WHAT YOU SHOULD DO
From the entries below, return only the lines starting at the one that contains "circle A1 centre (0, 79) radius 2.5" and ending at the one that contains "(0, 3, 81.5)", exactly as they stand.

[Dataset entries]
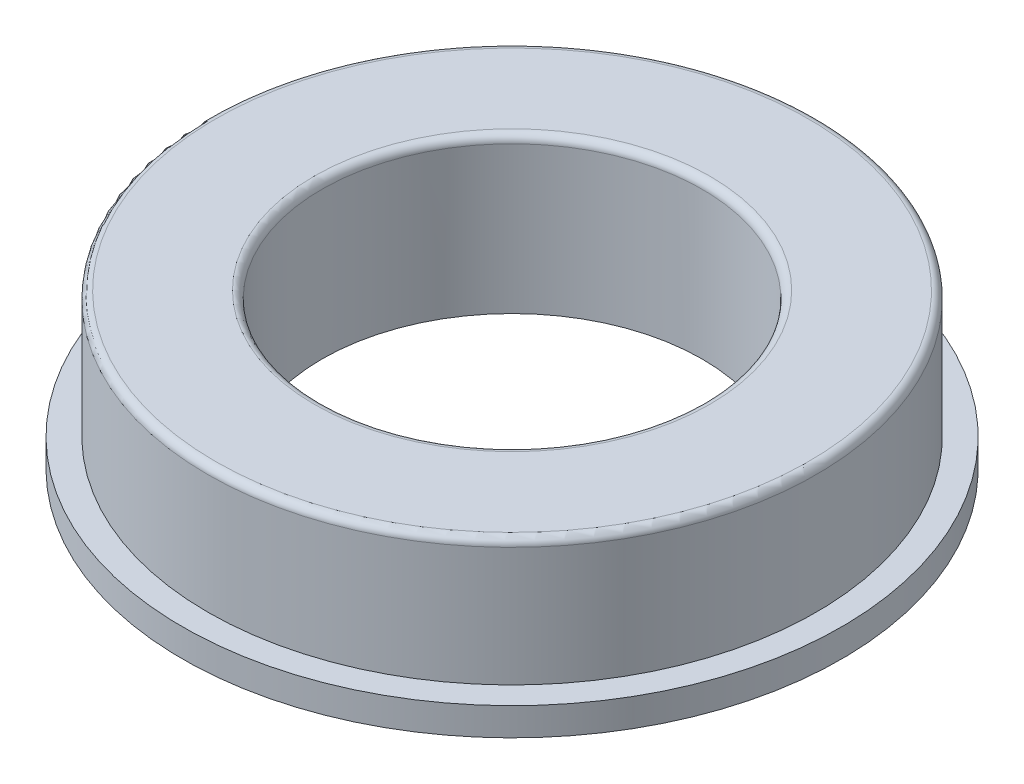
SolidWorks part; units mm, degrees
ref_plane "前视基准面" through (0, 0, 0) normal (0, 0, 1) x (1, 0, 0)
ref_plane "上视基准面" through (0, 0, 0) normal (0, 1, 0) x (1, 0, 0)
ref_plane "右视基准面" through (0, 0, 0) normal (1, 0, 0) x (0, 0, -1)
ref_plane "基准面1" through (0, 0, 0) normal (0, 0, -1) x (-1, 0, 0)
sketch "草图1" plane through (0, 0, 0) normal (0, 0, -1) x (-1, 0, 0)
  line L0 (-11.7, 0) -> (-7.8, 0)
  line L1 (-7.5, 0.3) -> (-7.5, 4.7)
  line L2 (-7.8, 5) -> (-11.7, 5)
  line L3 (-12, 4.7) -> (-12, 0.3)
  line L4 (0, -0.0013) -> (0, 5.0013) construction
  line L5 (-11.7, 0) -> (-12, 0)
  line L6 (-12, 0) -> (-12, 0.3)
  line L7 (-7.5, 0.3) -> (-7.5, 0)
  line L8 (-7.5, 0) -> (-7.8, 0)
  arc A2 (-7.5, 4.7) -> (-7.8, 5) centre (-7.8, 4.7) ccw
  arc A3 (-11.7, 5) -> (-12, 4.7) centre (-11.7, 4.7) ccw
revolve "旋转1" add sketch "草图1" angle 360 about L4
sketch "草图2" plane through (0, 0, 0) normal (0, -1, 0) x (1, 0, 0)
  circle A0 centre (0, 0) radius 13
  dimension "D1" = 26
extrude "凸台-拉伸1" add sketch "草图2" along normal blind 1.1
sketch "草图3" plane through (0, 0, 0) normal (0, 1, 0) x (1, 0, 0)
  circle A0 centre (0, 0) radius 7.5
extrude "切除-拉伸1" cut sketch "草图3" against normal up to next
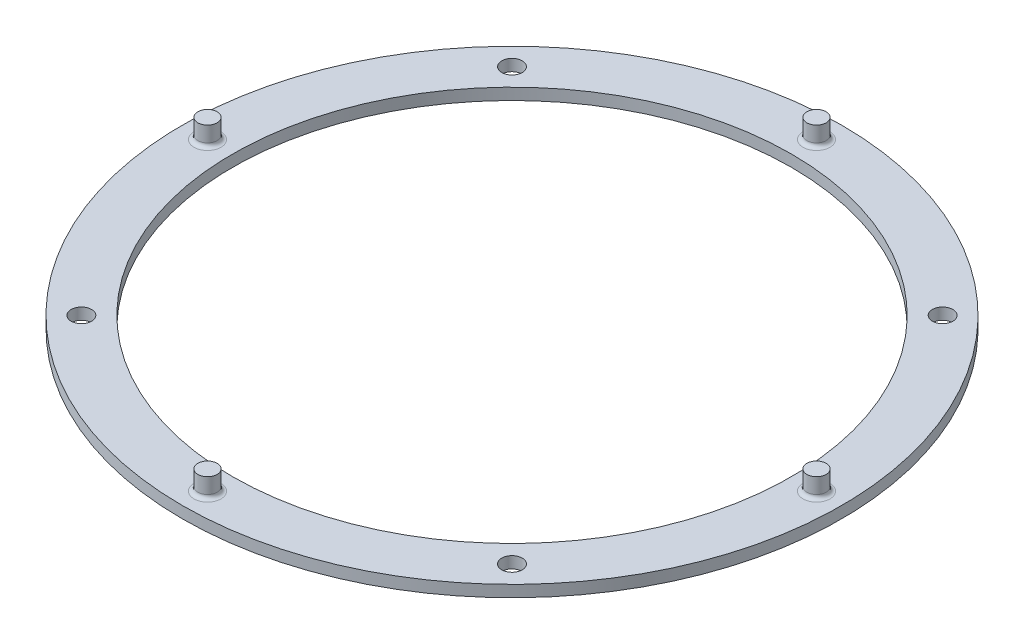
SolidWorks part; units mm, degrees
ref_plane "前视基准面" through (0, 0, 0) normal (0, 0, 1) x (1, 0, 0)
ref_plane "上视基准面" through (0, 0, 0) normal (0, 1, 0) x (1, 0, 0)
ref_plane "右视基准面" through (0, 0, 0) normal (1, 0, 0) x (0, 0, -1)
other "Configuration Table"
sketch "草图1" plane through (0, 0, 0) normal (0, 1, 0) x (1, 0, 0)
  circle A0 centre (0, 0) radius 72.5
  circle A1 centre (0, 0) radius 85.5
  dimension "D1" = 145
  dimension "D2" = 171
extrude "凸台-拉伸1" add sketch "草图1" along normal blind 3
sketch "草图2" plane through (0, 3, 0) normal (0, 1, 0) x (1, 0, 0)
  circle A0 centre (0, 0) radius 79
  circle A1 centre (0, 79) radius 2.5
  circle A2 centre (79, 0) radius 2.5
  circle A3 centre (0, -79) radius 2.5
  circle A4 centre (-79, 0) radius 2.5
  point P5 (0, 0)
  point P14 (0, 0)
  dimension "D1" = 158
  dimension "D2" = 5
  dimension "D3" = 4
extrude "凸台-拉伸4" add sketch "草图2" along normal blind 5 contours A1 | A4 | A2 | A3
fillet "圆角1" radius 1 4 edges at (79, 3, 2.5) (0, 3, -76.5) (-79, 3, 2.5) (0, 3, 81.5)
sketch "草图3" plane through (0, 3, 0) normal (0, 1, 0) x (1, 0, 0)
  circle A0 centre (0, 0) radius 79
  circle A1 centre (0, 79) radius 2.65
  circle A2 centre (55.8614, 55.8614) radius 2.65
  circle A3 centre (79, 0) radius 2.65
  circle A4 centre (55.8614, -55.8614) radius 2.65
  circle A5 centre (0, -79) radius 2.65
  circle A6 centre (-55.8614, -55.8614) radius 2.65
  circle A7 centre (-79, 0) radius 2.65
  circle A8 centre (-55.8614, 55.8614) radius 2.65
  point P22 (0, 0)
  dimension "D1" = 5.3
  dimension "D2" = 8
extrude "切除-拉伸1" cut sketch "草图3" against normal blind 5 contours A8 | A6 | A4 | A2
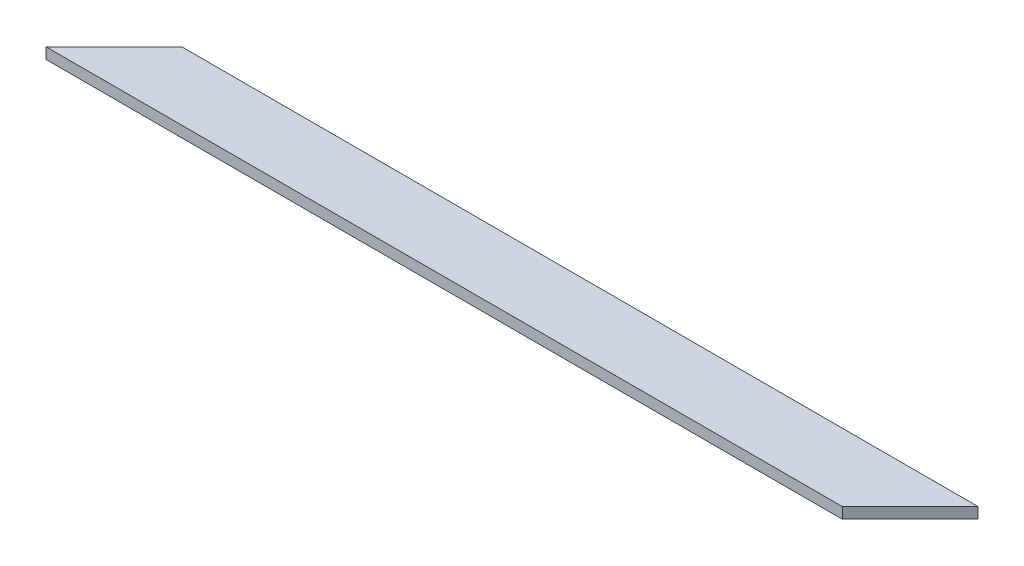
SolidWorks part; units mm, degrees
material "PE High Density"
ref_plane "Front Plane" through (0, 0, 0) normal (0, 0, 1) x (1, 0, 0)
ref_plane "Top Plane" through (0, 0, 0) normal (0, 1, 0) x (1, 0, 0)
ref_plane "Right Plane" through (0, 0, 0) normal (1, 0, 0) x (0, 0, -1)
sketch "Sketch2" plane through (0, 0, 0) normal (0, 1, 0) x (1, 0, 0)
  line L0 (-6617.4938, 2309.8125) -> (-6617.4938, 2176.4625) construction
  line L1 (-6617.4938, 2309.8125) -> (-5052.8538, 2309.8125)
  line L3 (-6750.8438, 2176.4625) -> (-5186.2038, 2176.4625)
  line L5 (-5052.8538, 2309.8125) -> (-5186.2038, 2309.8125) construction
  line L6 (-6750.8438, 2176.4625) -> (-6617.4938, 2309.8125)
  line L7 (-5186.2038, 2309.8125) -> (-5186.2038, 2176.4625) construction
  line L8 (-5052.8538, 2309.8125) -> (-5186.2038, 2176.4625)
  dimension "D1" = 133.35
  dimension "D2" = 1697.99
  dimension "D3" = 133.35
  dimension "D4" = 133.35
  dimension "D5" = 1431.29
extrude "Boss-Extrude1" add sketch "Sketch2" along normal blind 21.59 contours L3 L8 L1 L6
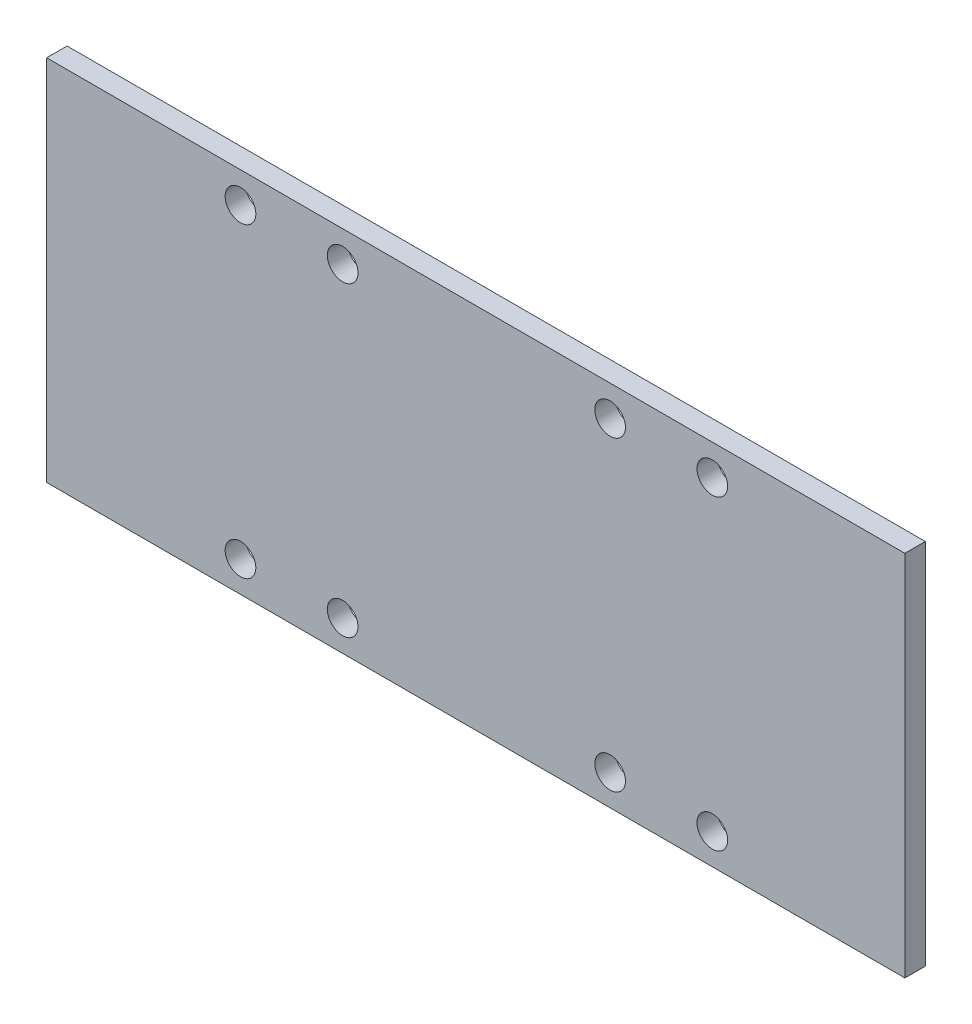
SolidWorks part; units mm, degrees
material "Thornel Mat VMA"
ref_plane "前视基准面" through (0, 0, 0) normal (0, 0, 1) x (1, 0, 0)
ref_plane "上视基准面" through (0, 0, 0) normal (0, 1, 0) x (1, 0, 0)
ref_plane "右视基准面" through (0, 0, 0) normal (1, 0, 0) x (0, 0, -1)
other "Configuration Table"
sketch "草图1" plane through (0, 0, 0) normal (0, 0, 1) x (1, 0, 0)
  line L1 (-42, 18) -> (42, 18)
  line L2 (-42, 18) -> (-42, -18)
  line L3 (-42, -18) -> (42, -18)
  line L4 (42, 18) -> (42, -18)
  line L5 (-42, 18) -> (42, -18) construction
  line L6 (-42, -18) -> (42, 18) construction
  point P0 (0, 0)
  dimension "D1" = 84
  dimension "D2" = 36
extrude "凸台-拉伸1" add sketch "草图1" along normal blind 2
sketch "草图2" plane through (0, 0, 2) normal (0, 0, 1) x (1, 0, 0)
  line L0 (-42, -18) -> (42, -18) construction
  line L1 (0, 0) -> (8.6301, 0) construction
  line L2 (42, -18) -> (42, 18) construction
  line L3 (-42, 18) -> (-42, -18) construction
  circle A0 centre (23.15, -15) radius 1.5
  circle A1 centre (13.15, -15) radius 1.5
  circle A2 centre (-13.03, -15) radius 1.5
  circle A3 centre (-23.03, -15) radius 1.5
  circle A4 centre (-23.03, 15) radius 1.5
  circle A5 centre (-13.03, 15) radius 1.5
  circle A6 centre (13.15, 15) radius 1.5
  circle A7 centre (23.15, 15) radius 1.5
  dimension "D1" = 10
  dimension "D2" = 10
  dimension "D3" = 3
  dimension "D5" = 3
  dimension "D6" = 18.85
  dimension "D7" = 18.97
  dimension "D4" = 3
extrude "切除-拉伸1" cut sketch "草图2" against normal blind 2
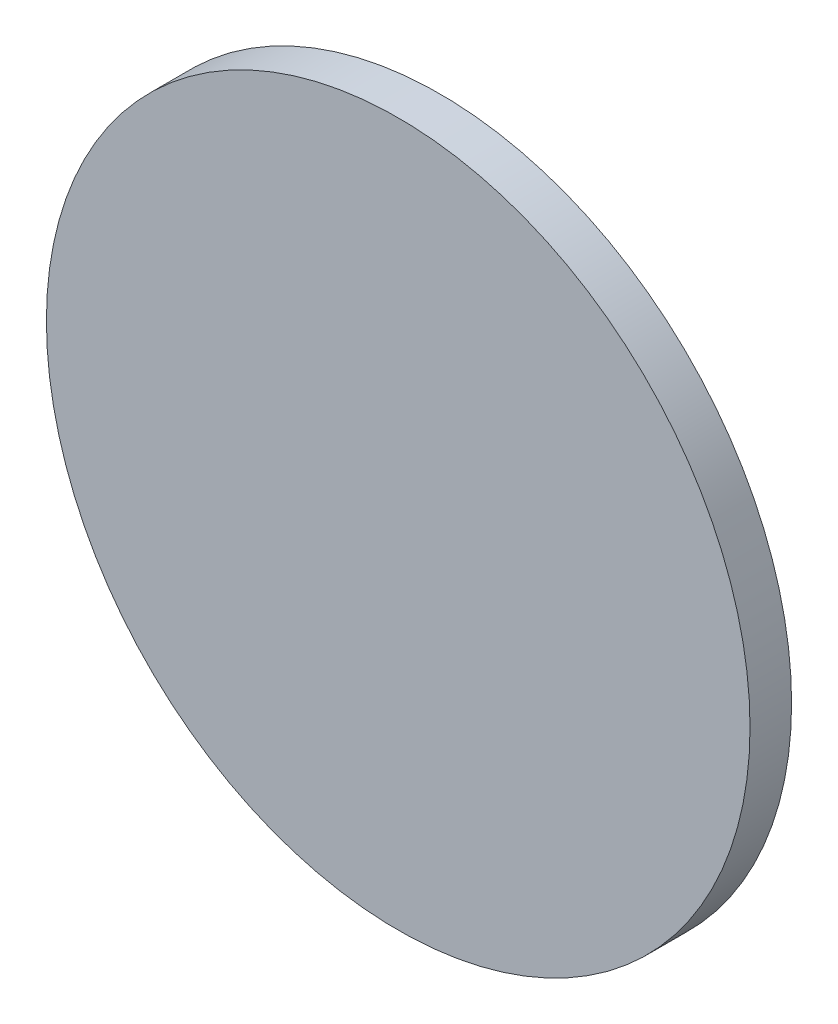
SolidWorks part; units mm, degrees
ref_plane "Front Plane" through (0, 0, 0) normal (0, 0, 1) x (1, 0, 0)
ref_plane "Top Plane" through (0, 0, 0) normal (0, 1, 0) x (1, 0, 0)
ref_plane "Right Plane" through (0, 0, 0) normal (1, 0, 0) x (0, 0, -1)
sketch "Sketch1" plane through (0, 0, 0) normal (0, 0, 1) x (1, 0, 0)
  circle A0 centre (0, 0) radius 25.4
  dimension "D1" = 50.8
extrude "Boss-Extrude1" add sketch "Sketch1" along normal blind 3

COMPLETED EXERCISE
  circle A1 centre (0, 79) radius 2.5
  circle A2 centre (79, 0) radius 2.5
  circle A3 centre (0, -79) radius 2.5
  circle A4 centre (-79, 0) radius 2.5
  point P5 (0, 0)
  point P14 (0, 0)
  dimension "D1" = 158
  dimension "D2" = 5
  dimension "D3" = 4
extrude "凸台-拉伸4" add sketch "草图2" along normal blind 5 contours A1 | A4 | A2 | A3
fillet "圆角1" radius 1 4 edges at (79, 3, 2.5) (0, 3, -76.5) (-79, 3, 2.5) (0, 3, 81.5)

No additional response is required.